> [Task item]
Look through the entries that follow and return each line that has the string "point".
-- Available data follows --
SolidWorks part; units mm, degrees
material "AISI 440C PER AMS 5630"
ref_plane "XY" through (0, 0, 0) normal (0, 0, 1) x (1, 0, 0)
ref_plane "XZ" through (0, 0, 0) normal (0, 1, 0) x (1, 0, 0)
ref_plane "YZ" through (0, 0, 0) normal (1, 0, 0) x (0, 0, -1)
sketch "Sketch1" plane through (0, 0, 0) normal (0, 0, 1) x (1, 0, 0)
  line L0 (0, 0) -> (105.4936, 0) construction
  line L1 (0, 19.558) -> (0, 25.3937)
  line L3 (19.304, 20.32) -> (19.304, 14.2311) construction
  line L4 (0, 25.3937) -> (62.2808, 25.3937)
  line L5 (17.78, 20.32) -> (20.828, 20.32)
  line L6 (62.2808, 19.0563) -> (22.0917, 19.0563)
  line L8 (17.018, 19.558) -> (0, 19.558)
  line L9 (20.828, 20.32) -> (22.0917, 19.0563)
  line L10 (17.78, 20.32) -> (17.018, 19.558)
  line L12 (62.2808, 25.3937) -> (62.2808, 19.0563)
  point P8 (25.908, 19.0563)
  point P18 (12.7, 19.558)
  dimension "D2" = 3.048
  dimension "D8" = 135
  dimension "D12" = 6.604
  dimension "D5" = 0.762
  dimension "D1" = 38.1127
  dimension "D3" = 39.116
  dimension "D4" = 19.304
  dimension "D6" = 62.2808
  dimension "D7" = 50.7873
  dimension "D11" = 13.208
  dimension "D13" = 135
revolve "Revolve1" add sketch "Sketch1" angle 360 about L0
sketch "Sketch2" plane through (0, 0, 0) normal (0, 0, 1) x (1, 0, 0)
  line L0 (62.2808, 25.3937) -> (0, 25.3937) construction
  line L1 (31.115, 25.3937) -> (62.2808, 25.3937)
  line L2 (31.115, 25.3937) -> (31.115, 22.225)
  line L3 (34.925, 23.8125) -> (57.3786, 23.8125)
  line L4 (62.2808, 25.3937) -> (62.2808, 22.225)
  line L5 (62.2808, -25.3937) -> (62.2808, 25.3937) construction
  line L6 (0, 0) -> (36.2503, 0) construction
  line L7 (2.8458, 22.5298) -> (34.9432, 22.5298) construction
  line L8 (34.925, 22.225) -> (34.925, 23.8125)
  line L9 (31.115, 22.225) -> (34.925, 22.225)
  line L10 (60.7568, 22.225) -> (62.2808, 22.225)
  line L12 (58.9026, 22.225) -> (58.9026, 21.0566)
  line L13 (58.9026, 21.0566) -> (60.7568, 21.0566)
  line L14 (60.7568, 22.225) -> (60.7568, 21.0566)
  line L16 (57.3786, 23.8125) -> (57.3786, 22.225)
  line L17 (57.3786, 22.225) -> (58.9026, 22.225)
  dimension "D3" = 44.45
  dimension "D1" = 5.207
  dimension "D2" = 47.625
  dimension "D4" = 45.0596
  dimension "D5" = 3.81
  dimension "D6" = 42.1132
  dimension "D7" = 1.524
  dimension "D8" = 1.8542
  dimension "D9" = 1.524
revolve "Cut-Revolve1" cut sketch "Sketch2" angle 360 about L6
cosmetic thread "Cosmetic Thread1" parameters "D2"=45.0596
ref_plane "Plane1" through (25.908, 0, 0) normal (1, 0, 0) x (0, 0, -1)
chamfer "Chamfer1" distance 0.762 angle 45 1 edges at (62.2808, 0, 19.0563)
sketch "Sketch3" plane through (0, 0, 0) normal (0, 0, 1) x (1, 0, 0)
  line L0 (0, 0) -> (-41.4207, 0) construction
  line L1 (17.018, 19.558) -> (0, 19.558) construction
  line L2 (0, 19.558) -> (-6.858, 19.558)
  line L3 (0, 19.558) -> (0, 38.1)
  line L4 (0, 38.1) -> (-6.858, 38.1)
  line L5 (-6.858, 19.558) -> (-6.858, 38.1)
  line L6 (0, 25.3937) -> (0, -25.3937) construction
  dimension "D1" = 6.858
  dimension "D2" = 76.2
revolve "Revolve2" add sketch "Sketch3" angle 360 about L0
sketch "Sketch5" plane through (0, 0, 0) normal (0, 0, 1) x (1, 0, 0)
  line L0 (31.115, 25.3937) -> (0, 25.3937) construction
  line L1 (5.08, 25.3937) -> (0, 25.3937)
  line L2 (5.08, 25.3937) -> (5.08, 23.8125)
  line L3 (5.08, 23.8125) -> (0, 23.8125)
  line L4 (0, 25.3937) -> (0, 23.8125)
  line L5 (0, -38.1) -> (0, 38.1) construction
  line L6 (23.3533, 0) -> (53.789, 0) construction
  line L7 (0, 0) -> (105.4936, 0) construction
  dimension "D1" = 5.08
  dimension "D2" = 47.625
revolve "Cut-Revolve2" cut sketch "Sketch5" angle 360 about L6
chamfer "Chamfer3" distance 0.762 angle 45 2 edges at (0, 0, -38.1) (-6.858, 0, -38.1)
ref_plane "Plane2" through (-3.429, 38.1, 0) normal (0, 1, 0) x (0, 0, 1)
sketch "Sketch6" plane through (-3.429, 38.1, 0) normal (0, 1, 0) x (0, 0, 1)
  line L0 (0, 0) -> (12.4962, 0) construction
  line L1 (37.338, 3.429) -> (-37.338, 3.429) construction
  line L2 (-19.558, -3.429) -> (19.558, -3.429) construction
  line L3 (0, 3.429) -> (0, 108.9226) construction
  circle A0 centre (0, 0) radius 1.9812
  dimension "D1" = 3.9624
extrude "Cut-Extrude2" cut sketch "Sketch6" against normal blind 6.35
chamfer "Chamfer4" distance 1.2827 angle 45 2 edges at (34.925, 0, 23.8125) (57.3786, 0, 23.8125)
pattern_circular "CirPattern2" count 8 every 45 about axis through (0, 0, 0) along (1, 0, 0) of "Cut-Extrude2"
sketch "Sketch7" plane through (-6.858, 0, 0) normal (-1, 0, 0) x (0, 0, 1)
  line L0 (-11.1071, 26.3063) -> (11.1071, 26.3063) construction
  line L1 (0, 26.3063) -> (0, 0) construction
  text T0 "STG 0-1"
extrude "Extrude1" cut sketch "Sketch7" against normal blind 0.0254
-- Available data concluded --
> [Reply to the exercise]
  point P8 (25.908, 19.0563)
  point P18 (12.7, 19.558)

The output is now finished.